Make row length check optional
lessless opened this issue · 7 comments
Hello,
thank you for the wonderful library, it's a pleasure to use it except one pain point: a hard check on a row length.
If there are no any strong objections it can be a wonderful addition.
Interesting, thanks for raising this - If I understand correctly that would be something like CSV.decode(expected_row_length: 5)
?
Rather CSV.decode(fixed_length: false)
, so the check won't be performed at all and dealing with incomplete / too long lines will be in application responsibility.
As result
Bruce,Wayne,bruce@wayne.com
Peter,
James, Howlett,james@howlett.com,49
will be parsed into
[
["Bruce", "Wayne", "bruce@wayne.com"],
["Peter", nil],
["James", "Howlett", "james@howlett.com", "49"]
]
Interesting suggestion - what program is used to encode csv files omitting the separators? If this is intended encoding, is there a reason to do it that way (e.g. disk space limitations)?
This is challenging and can lead to interesting situations like header rows being shorter than data rows, which would throw away data. I can see where you're coming from, however I would be inclined to suggest to properly encode the files before feeding them in.
I think I have the same kind of problem. I have to deal with some weird csv (pipe as separator, and no escape character) that I don't produce, and can't fix. On the master branch you made easy for me to identified these line, which is great because now I can filter and generate nice error reports with pattern matching on the lines with {:error, "..."}
.
In the ruby program I tried to port in elixir, the ruby csv library don't seems to check the length, so actually when I have extra columns that shouldn't be here, ruby still gives me the row. These extra columns are in the end of lines and are export errors I think. But these lines without the extra column at the end are valid and have valuable info for me I could extract.

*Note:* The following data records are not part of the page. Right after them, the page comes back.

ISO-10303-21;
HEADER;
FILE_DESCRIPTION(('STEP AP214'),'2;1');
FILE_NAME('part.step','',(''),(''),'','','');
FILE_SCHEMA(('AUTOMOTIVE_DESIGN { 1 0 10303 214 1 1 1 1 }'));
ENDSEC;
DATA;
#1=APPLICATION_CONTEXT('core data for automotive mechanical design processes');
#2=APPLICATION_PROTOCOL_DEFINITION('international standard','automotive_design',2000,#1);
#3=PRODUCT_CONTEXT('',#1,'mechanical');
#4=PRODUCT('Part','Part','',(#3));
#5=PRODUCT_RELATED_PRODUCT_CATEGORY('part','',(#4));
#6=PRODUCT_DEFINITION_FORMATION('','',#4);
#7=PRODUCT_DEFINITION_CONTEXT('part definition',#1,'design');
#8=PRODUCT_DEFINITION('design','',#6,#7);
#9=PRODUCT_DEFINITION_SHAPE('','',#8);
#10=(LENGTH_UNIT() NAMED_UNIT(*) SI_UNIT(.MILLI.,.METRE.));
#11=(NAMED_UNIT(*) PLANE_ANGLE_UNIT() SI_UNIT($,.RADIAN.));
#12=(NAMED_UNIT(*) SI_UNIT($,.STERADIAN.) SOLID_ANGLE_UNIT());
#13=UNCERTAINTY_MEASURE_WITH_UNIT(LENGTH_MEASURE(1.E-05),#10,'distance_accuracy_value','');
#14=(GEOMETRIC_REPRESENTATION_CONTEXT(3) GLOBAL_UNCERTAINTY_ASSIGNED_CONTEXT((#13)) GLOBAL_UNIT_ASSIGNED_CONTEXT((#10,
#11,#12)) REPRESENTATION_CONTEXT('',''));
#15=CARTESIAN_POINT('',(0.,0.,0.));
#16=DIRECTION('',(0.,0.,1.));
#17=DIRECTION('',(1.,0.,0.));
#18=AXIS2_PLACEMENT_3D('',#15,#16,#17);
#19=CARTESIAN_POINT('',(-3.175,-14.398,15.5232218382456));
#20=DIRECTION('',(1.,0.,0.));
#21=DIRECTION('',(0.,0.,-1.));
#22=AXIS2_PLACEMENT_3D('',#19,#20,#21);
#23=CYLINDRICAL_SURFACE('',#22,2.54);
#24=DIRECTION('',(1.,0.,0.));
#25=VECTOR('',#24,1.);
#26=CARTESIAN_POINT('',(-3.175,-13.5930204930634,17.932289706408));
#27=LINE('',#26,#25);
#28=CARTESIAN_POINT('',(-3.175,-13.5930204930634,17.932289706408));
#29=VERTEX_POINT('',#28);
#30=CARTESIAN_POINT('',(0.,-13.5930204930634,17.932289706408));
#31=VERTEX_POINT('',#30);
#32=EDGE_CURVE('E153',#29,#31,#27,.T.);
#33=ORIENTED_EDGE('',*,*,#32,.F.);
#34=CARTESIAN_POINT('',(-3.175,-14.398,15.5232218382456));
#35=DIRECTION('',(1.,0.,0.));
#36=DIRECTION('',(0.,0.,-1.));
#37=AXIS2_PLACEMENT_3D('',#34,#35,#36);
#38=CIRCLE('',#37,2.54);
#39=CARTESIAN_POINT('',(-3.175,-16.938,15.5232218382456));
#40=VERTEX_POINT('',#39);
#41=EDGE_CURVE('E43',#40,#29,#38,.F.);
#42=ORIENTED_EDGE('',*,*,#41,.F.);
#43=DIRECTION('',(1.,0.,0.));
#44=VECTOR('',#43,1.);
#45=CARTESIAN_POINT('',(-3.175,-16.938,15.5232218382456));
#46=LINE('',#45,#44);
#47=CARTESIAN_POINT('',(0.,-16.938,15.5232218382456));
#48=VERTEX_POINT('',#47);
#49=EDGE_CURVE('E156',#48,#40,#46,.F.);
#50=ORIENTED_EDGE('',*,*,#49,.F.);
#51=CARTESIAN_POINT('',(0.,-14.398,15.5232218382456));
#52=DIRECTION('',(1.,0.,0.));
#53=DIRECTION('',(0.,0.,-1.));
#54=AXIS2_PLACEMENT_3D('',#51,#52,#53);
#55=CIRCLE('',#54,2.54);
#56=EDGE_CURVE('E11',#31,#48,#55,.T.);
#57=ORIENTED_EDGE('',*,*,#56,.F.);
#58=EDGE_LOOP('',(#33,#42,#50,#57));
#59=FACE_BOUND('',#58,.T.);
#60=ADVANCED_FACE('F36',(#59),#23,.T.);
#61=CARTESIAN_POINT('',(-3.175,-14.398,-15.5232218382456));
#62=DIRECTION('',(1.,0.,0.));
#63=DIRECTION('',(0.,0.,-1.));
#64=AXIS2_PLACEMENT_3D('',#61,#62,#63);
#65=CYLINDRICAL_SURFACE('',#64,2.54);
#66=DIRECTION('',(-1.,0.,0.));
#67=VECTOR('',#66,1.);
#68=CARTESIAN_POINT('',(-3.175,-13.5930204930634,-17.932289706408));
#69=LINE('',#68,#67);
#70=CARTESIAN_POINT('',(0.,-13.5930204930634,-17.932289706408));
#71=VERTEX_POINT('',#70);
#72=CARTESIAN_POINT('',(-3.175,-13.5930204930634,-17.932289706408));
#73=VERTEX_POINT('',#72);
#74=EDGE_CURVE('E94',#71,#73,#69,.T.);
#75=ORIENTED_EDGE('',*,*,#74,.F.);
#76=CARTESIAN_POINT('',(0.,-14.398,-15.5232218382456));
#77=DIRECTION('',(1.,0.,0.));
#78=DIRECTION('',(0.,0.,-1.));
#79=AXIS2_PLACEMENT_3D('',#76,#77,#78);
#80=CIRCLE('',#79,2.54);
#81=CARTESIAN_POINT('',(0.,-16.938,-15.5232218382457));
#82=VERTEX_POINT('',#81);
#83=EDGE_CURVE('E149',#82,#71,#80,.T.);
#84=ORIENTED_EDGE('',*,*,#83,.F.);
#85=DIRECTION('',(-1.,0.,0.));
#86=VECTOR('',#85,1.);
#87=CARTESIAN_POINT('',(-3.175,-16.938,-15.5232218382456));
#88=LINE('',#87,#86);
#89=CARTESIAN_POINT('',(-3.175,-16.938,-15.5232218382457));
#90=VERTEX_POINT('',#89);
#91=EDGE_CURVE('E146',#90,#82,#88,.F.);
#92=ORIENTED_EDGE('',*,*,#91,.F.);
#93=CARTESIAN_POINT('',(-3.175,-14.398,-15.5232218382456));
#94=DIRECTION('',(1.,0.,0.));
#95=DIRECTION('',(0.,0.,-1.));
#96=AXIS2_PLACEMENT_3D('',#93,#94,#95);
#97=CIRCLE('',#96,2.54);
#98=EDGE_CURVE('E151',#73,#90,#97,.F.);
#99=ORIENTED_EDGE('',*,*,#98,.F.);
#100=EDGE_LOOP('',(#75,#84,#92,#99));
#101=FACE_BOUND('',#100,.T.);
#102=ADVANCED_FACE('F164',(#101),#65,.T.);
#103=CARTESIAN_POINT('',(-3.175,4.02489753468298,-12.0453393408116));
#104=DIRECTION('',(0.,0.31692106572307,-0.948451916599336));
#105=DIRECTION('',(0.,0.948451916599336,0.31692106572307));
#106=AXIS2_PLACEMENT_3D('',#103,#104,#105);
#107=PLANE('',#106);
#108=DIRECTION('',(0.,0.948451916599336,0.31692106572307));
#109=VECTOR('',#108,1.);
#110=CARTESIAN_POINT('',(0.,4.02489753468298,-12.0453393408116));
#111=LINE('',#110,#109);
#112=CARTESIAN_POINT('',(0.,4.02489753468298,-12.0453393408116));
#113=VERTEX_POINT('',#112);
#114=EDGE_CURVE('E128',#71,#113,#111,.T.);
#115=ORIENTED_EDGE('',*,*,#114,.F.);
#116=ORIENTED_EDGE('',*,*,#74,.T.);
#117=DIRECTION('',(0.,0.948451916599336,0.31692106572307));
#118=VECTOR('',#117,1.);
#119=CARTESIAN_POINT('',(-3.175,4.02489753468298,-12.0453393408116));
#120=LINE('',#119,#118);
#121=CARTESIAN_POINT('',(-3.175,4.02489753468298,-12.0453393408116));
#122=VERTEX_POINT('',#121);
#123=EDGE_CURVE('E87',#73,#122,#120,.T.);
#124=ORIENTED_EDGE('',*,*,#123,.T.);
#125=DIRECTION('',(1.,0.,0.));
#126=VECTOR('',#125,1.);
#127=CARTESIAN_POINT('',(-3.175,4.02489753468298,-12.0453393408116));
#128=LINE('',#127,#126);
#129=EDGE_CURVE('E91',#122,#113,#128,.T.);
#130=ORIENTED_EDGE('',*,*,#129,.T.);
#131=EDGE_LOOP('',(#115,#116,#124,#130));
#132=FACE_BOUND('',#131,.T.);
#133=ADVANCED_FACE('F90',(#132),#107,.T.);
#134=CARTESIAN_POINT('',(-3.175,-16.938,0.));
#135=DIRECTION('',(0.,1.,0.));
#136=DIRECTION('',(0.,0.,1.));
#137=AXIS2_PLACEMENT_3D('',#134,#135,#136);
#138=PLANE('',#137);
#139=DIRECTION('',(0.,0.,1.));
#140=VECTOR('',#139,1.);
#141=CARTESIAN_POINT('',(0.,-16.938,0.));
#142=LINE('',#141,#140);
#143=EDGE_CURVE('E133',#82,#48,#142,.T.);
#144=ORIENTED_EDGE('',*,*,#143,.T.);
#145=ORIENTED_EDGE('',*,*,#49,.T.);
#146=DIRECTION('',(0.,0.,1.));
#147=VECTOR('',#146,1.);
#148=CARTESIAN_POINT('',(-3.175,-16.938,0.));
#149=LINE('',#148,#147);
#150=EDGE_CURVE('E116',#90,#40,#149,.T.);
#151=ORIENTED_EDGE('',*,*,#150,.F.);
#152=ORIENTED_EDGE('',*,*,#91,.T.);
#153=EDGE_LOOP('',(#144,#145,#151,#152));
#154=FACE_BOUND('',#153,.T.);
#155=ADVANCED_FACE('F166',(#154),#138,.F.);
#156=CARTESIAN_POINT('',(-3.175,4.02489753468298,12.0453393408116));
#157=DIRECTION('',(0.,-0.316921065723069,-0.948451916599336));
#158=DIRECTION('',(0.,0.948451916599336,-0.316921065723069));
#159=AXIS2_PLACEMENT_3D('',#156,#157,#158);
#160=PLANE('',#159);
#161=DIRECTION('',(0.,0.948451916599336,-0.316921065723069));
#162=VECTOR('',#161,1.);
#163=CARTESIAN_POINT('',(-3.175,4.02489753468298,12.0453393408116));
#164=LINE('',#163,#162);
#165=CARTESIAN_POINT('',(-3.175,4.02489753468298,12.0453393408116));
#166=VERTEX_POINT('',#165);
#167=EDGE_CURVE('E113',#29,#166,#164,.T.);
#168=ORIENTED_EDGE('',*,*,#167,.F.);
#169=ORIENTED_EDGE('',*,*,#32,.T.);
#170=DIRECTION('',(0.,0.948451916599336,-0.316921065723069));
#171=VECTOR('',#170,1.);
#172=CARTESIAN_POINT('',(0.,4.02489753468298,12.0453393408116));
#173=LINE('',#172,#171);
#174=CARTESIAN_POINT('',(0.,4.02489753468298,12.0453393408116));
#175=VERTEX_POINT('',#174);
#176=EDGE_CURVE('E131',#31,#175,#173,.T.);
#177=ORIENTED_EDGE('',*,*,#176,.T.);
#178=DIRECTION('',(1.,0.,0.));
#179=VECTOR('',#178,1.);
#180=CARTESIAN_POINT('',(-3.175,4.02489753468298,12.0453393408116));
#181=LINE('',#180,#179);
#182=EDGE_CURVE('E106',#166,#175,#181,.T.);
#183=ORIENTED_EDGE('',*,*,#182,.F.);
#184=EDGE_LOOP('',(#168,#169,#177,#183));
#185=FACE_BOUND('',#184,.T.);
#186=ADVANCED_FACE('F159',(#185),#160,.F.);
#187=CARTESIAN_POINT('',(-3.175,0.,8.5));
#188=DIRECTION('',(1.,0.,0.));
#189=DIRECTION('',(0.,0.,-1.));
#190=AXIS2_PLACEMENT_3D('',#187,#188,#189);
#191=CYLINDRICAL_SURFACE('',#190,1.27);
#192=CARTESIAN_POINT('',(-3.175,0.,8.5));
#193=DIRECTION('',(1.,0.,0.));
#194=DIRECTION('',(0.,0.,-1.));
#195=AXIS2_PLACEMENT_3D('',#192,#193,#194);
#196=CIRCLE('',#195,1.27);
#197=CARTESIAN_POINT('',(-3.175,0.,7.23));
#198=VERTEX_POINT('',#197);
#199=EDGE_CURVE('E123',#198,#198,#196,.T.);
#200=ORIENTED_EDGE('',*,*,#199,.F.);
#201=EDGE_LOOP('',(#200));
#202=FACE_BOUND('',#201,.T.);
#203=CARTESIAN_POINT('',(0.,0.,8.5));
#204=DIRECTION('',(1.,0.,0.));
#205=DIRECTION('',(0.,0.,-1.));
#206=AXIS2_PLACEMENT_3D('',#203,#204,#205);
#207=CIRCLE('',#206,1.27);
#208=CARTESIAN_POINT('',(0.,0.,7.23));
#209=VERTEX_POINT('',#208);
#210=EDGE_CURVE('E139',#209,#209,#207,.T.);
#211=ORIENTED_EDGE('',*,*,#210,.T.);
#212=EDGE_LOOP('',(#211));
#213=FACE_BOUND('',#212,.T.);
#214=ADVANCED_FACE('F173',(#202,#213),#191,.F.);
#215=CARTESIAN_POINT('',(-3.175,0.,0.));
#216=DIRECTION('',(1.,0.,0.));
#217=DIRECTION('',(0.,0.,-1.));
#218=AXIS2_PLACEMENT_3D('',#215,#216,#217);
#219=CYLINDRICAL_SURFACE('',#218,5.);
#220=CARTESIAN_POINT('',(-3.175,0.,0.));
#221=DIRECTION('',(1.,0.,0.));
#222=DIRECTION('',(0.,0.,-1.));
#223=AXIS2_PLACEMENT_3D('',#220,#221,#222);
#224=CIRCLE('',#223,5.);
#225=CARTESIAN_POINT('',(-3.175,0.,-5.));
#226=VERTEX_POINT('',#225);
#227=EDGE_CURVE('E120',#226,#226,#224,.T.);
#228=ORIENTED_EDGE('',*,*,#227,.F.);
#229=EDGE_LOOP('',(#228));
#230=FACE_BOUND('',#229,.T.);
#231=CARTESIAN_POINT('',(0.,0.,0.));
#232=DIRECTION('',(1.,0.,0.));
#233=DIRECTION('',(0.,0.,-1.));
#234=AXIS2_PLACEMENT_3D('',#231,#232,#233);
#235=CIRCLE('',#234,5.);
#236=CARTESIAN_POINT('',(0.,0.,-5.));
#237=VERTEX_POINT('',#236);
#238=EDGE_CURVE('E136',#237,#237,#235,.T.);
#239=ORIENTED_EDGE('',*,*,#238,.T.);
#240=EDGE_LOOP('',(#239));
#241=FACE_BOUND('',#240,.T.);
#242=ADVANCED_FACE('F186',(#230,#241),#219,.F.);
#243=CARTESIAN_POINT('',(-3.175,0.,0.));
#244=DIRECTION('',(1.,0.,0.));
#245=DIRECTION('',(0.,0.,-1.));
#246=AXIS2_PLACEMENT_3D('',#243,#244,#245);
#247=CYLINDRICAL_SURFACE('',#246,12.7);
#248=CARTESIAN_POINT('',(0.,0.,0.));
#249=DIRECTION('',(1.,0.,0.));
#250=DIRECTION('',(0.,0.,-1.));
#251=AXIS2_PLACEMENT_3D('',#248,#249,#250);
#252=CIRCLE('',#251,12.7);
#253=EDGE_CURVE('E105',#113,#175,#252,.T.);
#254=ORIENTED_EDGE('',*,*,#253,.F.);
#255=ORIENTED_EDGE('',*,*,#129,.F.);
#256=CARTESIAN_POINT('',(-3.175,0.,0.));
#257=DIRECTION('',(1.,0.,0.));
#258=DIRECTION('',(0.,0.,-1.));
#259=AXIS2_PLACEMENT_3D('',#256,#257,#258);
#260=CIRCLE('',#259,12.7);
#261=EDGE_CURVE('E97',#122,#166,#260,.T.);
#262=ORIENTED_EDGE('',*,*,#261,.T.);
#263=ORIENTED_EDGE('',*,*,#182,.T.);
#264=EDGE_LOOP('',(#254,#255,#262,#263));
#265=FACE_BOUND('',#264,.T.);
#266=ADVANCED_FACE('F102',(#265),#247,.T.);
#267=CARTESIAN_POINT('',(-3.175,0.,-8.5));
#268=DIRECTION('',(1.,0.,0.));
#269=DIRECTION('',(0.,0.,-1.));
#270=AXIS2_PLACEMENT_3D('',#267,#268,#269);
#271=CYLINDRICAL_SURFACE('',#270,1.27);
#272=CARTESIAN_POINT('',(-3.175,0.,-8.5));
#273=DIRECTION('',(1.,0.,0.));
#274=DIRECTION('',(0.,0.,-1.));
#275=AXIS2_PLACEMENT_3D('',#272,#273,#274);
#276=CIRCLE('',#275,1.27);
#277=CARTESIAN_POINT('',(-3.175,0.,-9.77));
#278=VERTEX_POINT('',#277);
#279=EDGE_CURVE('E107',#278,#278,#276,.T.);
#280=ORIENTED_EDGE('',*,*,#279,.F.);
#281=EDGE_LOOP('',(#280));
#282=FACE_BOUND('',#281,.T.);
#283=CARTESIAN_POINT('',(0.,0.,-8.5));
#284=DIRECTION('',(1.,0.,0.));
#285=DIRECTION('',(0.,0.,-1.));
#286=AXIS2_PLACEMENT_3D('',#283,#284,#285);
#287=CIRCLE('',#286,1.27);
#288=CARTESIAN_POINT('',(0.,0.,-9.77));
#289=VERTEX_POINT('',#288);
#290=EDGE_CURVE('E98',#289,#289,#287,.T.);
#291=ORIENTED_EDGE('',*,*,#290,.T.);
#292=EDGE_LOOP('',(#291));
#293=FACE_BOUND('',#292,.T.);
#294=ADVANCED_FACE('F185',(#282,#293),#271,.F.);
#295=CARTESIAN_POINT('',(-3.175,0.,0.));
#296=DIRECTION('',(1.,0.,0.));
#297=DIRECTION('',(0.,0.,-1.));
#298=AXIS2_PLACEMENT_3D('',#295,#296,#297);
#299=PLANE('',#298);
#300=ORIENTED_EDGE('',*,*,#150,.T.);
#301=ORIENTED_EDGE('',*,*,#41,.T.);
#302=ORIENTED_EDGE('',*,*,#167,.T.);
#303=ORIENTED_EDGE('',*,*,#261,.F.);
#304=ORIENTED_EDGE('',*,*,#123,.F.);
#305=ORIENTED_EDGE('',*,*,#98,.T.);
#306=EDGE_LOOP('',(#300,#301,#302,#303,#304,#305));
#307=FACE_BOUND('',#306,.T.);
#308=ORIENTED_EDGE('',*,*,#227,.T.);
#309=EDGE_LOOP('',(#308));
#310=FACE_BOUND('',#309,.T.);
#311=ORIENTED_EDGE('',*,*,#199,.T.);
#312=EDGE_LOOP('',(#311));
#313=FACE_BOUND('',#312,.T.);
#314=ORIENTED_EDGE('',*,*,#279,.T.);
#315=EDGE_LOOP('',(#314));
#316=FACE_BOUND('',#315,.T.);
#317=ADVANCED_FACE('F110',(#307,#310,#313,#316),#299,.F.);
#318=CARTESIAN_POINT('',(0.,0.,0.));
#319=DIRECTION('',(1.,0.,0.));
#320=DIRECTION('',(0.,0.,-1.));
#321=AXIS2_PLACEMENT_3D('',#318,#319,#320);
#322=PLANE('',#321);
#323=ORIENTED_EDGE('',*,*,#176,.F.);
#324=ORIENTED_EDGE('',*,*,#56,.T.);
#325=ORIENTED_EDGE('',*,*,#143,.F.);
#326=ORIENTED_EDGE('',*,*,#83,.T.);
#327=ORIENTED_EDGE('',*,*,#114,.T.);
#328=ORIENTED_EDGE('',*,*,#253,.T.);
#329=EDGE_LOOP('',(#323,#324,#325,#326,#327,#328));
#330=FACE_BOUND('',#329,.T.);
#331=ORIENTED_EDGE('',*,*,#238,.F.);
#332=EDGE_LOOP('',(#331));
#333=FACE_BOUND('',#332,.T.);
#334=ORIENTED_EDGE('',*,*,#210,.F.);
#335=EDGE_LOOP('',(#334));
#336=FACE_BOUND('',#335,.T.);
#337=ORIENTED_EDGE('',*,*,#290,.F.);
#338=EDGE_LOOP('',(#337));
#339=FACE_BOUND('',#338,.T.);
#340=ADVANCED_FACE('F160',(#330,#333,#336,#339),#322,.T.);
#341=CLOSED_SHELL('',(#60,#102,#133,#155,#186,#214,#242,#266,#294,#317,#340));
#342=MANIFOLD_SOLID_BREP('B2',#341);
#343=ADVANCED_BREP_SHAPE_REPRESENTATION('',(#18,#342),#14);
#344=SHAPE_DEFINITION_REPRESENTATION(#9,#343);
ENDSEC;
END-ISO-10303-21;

So maybe when you return the Error {:error, "Row has length 30 - expected length 29 on line 45"}
, insert the row in the tupple ? So I can have a chance of doing something with it and extract the info I would want.
Actually, after doing a research I found that all rows must be the same length https://www.ietf.org/rfc/rfc4180.txt
Each line should contain the same number of fields throughout the file.
So a situation when a line is shorter/longer than the others is a clear violation of standard and throwing an error is a very legit behavior.
Also, because of that error can be easily cached with rescue
clause and because of changing format of the error message is orthogonal to original subject I'm closing this issue.
Not very flexible to just look at the spec, I am also getting files from supplier that are missing seperators at the end of the line, so now I have to manually go past each line and add them myself.
Having a check that just omits the check for line length would be easy and as a user of the lib a good way to get around the issue.
@MarkNijhof is validate_row_length: false
working for your case? If no, can you post an example of the data you're dealing with?